High-Density Lipoprotein Restores Endothelial Function in Hypercholesterolemic Men

Abstract

Hypercholesterolemia is a risk factor for atherosclerosis-causing endothelial dysfunction, an early event in the disease process. In contrast, high-density lipoprotein (HDL) cholesterol inversely correlates with morbidity and mortality representing a protective effect. Therefore, we investigated the effects of reconstituted HDL on endothelial function in hypercholesterolemic men. Endothelium-dependent and -independent vasodilation to intraarterial acetylcholine and sodium nitroprusside (SNP), respectively, was measured by forearm venous occlusion plethysmography in healthy normo- and hypercholesterolemic men.
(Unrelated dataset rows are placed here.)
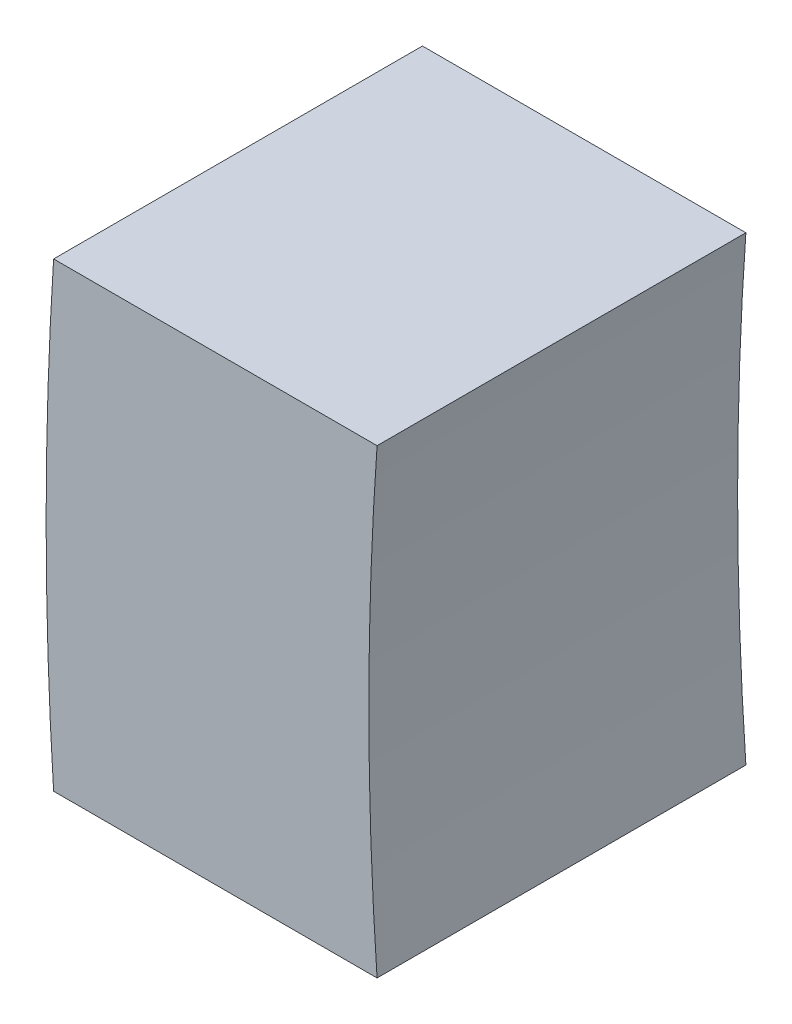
ISO-10303-21;
HEADER;
FILE_DESCRIPTION(('STEP AP214'),'2;1');
FILE_NAME('part.step','',(''),(''),'','','');
FILE_SCHEMA(('AUTOMOTIVE_DESIGN { 1 0 10303 214 1 1 1 1 }'));
ENDSEC;
DATA;
#1=APPLICATION_CONTEXT('core data for automotive mechanical design processes');
#2=APPLICATION_PROTOCOL_DEFINITION('international standard','automotive_design',2000,#1);
#3=PRODUCT_CONTEXT('',#1,'mechanical');
#4=PRODUCT('Part','Part','',(#3));
#5=PRODUCT_RELATED_PRODUCT_CATEGORY('part','',(#4));
#6=PRODUCT_DEFINITION_FORMATION('','',#4);
#7=PRODUCT_DEFINITION_CONTEXT('part definition',#1,'design');
#8=PRODUCT_DEFINITION('design','',#6,#7);
#9=PRODUCT_DEFINITION_SHAPE('','',#8);
#10=(LENGTH_UNIT() NAMED_UNIT(*) SI_UNIT(.MILLI.,.METRE.));
#11=(NAMED_UNIT(*) PLANE_ANGLE_UNIT() SI_UNIT($,.RADIAN.));
#12=(NAMED_UNIT(*) SI_UNIT($,.STERADIAN.) SOLID_ANGLE_UNIT());
#13=UNCERTAINTY_MEASURE_WITH_UNIT(LENGTH_MEASURE(1.E-05),#10,'distance_accuracy_value','');
#14=(GEOMETRIC_REPRESENTATION_CONTEXT(3) GLOBAL_UNCERTAINTY_ASSIGNED_CONTEXT((#13)) GLOBAL_UNIT_ASSIGNED_CONTEXT((#10,
#11,#12)) REPRESENTATION_CONTEXT('',''));
#15=CARTESIAN_POINT('',(0.,0.,0.));
#16=DIRECTION('',(0.,0.,1.));
#17=DIRECTION('',(1.,0.,0.));
#18=AXIS2_PLACEMENT_3D('',#15,#16,#17);
#19=CARTESIAN_POINT('',(0.,0.,8.00000000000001));
#20=DIRECTION('',(0.,0.,-1.));
#21=DIRECTION('',(-1.,0.,0.));
#22=AXIS2_PLACEMENT_3D('',#19,#20,#21);
#23=CYLINDRICAL_SURFACE('',#22,77.);
#24=CARTESIAN_POINT('',(0.,0.,0.));
#25=DIRECTION('',(0.,0.,1.));
#26=DIRECTION('',(1.,0.,0.));
#27=AXIS2_PLACEMENT_3D('',#24,#25,#26);
#28=CIRCLE('',#27,77.);
#29=CARTESIAN_POINT('',(-76.8374908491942,5.00000000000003,0.));
#30=VERTEX_POINT('',#29);
#31=CARTESIAN_POINT('',(-76.8374908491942,-4.99999999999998,0.));
#32=VERTEX_POINT('',#31);
#33=EDGE_CURVE('E74',#30,#32,#28,.T.);
#34=ORIENTED_EDGE('',*,*,#33,.T.);
#35=DIRECTION('',(0.,0.,-1.));
#36=VECTOR('',#35,1.);
#37=CARTESIAN_POINT('',(-76.8374908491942,-4.99999999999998,8.00000000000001));
#38=LINE('',#37,#36);
#39=CARTESIAN_POINT('',(-76.8374908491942,-4.99999999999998,8.00000000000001));
#40=VERTEX_POINT('',#39);
#41=EDGE_CURVE('E11',#40,#32,#38,.T.);
#42=ORIENTED_EDGE('',*,*,#41,.F.);
#43=CARTESIAN_POINT('',(0.,0.,8.00000000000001));
#44=DIRECTION('',(0.,0.,1.));
#45=DIRECTION('',(1.,0.,0.));
#46=AXIS2_PLACEMENT_3D('',#43,#44,#45);
#47=CIRCLE('',#46,77.);
#48=CARTESIAN_POINT('',(-76.8374908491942,5.00000000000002,8.00000000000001));
#49=VERTEX_POINT('',#48);
#50=EDGE_CURVE('E92',#49,#40,#47,.T.);
#51=ORIENTED_EDGE('',*,*,#50,.F.);
#52=DIRECTION('',(0.,0.,-1.));
#53=VECTOR('',#52,1.);
#54=CARTESIAN_POINT('',(-76.8374908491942,5.00000000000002,8.00000000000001));
#55=LINE('',#54,#53);
#56=EDGE_CURVE('E86',#49,#30,#55,.T.);
#57=ORIENTED_EDGE('',*,*,#56,.T.);
#58=EDGE_LOOP('',(#34,#42,#51,#57));
#59=FACE_BOUND('',#58,.T.);
#60=ADVANCED_FACE('F30',(#59),#23,.T.);
#61=CARTESIAN_POINT('',(-76.8374908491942,-4.99999999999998,8.00000000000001));
#62=DIRECTION('',(0.,1.,0.));
#63=DIRECTION('',(0.,0.,1.));
#64=AXIS2_PLACEMENT_3D('',#61,#62,#63);
#65=PLANE('',#64);
#66=DIRECTION('',(1.,0.,0.));
#67=VECTOR('',#66,1.);
#68=CARTESIAN_POINT('',(-76.8374908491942,-4.99999999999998,0.));
#69=LINE('',#68,#67);
#70=CARTESIAN_POINT('',(-69.8212002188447,-4.99999999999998,0.));
#71=VERTEX_POINT('',#70);
#72=EDGE_CURVE('E70',#32,#71,#69,.T.);
#73=ORIENTED_EDGE('',*,*,#72,.T.);
#74=DIRECTION('',(0.,0.,-1.));
#75=VECTOR('',#74,1.);
#76=CARTESIAN_POINT('',(-69.8212002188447,-4.99999999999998,8.));
#77=LINE('',#76,#75);
#78=CARTESIAN_POINT('',(-69.8212002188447,-4.99999999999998,8.));
#79=VERTEX_POINT('',#78);
#80=EDGE_CURVE('E37',#79,#71,#77,.T.);
#81=ORIENTED_EDGE('',*,*,#80,.F.);
#82=DIRECTION('',(1.,0.,0.));
#83=VECTOR('',#82,1.);
#84=CARTESIAN_POINT('',(-76.8374908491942,-4.99999999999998,8.00000000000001));
#85=LINE('',#84,#83);
#86=EDGE_CURVE('E82',#40,#79,#85,.T.);
#87=ORIENTED_EDGE('',*,*,#86,.F.);
#88=ORIENTED_EDGE('',*,*,#41,.T.);
#89=EDGE_LOOP('',(#73,#81,#87,#88));
#90=FACE_BOUND('',#89,.T.);
#91=ADVANCED_FACE('F81',(#90),#65,.F.);
#92=CARTESIAN_POINT('',(0.,0.,8.00000000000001));
#93=DIRECTION('',(0.,0.,-1.));
#94=DIRECTION('',(-1.,0.,0.));
#95=AXIS2_PLACEMENT_3D('',#92,#93,#94);
#96=CYLINDRICAL_SURFACE('',#95,70.);
#97=CARTESIAN_POINT('',(0.,0.,0.));
#98=DIRECTION('',(0.,0.,-1.));
#99=DIRECTION('',(1.,0.,0.));
#100=AXIS2_PLACEMENT_3D('',#97,#98,#99);
#101=CIRCLE('',#100,70.);
#102=CARTESIAN_POINT('',(-69.8212002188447,5.00000000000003,0.));
#103=VERTEX_POINT('',#102);
#104=EDGE_CURVE('E75',#71,#103,#101,.T.);
#105=ORIENTED_EDGE('',*,*,#104,.T.);
#106=DIRECTION('',(0.,0.,-1.));
#107=VECTOR('',#106,1.);
#108=CARTESIAN_POINT('',(-69.8212002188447,5.00000000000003,8.));
#109=LINE('',#108,#107);
#110=CARTESIAN_POINT('',(-69.8212002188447,5.00000000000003,8.));
#111=VERTEX_POINT('',#110);
#112=EDGE_CURVE('E98',#111,#103,#109,.T.);
#113=ORIENTED_EDGE('',*,*,#112,.F.);
#114=CARTESIAN_POINT('',(0.,0.,8.00000000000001));
#115=DIRECTION('',(0.,0.,-1.));
#116=DIRECTION('',(1.,0.,0.));
#117=AXIS2_PLACEMENT_3D('',#114,#115,#116);
#118=CIRCLE('',#117,70.);
#119=EDGE_CURVE('E49',#79,#111,#118,.T.);
#120=ORIENTED_EDGE('',*,*,#119,.F.);
#121=ORIENTED_EDGE('',*,*,#80,.T.);
#122=EDGE_LOOP('',(#105,#113,#120,#121));
#123=FACE_BOUND('',#122,.T.);
#124=ADVANCED_FACE('F101',(#123),#96,.F.);
#125=CARTESIAN_POINT('',(-76.8374908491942,5.00000000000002,8.00000000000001));
#126=DIRECTION('',(0.,-1.,0.));
#127=DIRECTION('',(0.,0.,-1.));
#128=AXIS2_PLACEMENT_3D('',#125,#126,#127);
#129=PLANE('',#128);
#130=DIRECTION('',(-1.,0.,0.));
#131=VECTOR('',#130,1.);
#132=CARTESIAN_POINT('',(-76.8374908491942,5.00000000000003,0.));
#133=LINE('',#132,#131);
#134=EDGE_CURVE('E90',#103,#30,#133,.T.);
#135=ORIENTED_EDGE('',*,*,#134,.T.);
#136=ORIENTED_EDGE('',*,*,#56,.F.);
#137=DIRECTION('',(-1.,0.,0.));
#138=VECTOR('',#137,1.);
#139=CARTESIAN_POINT('',(-76.8374908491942,5.00000000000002,8.00000000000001));
#140=LINE('',#139,#138);
#141=EDGE_CURVE('E44',#111,#49,#140,.T.);
#142=ORIENTED_EDGE('',*,*,#141,.F.);
#143=ORIENTED_EDGE('',*,*,#112,.T.);
#144=EDGE_LOOP('',(#135,#136,#142,#143));
#145=FACE_BOUND('',#144,.T.);
#146=ADVANCED_FACE('F103',(#145),#129,.F.);
#147=CARTESIAN_POINT('',(0.,0.,8.00000000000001));
#148=DIRECTION('',(0.,0.,1.));
#149=DIRECTION('',(1.,0.,0.));
#150=AXIS2_PLACEMENT_3D('',#147,#148,#149);
#151=PLANE('',#150);
#152=ORIENTED_EDGE('',*,*,#50,.T.);
#153=ORIENTED_EDGE('',*,*,#86,.T.);
#154=ORIENTED_EDGE('',*,*,#119,.T.);
#155=ORIENTED_EDGE('',*,*,#141,.T.);
#156=EDGE_LOOP('',(#152,#153,#154,#155));
#157=FACE_BOUND('',#156,.T.);
#158=ADVANCED_FACE('F104',(#157),#151,.T.);
#159=CARTESIAN_POINT('',(0.,0.,0.));
#160=DIRECTION('',(0.,0.,1.));
#161=DIRECTION('',(1.,0.,0.));
#162=AXIS2_PLACEMENT_3D('',#159,#160,#161);
#163=PLANE('',#162);
#164=ORIENTED_EDGE('',*,*,#33,.F.);
#165=ORIENTED_EDGE('',*,*,#134,.F.);
#166=ORIENTED_EDGE('',*,*,#104,.F.);
#167=ORIENTED_EDGE('',*,*,#72,.F.);
#168=EDGE_LOOP('',(#164,#165,#166,#167));
#169=FACE_BOUND('',#168,.T.);
#170=ADVANCED_FACE('F71',(#169),#163,.F.);
#171=CLOSED_SHELL('',(#60,#91,#124,#146,#158,#170));
#172=MANIFOLD_SOLID_BREP('B2',#171);
#173=ADVANCED_BREP_SHAPE_REPRESENTATION('',(#18,#172),#14);
#174=SHAPE_DEFINITION_REPRESENTATION(#9,#173);
ENDSEC;
END-ISO-10303-21;

In hypercholesterolemics, the effects of reconstituted HDL (rHDL; 80 mg/kg IV over 4 hours) on acetylcholine- and SNP-induced changes in forearm blood flow were assessed in the presence or absence of the nitric oxide (NO) synthase inhibitor L-NMMA. Hypercholesterolemics showed reduced vasodilation to acetylcholine but not to SNP compared with normocholesterolemics (P<0.0001). rHDL infusion increased plasma HDL cholesterol from 1.3+/-0.1 to 2.2+/-0.1 mmol/L (P<0.0001, n=18) and significantly enhanced the acetylcholine-induced increase in forearm blood flow without affecting that induced by SNP. rHDL infusion also improved flow-mediated dilation of the brachial artery (to 4.5+/-0.9% from 2.7+/-0.6%, P=0.02). NO synthase inhibition prevented the improvement in acetylcholine-induced vasodilation while leaving the response to SNP unchanged. Albumin infusion in an equivalent protein dose had no effect on vasomotion or lipid levels. In hypercholesterolemic patients, intravenous rHDL infusion rapidly normalizes endothelium-dependent vasodilation by increasing NO bioavailability. This may in part explain the protective effect of HDL from coronary heart disease and illustrates the potential therapeutic benefit of increasing HDL in patients at risk from atherosclerosis.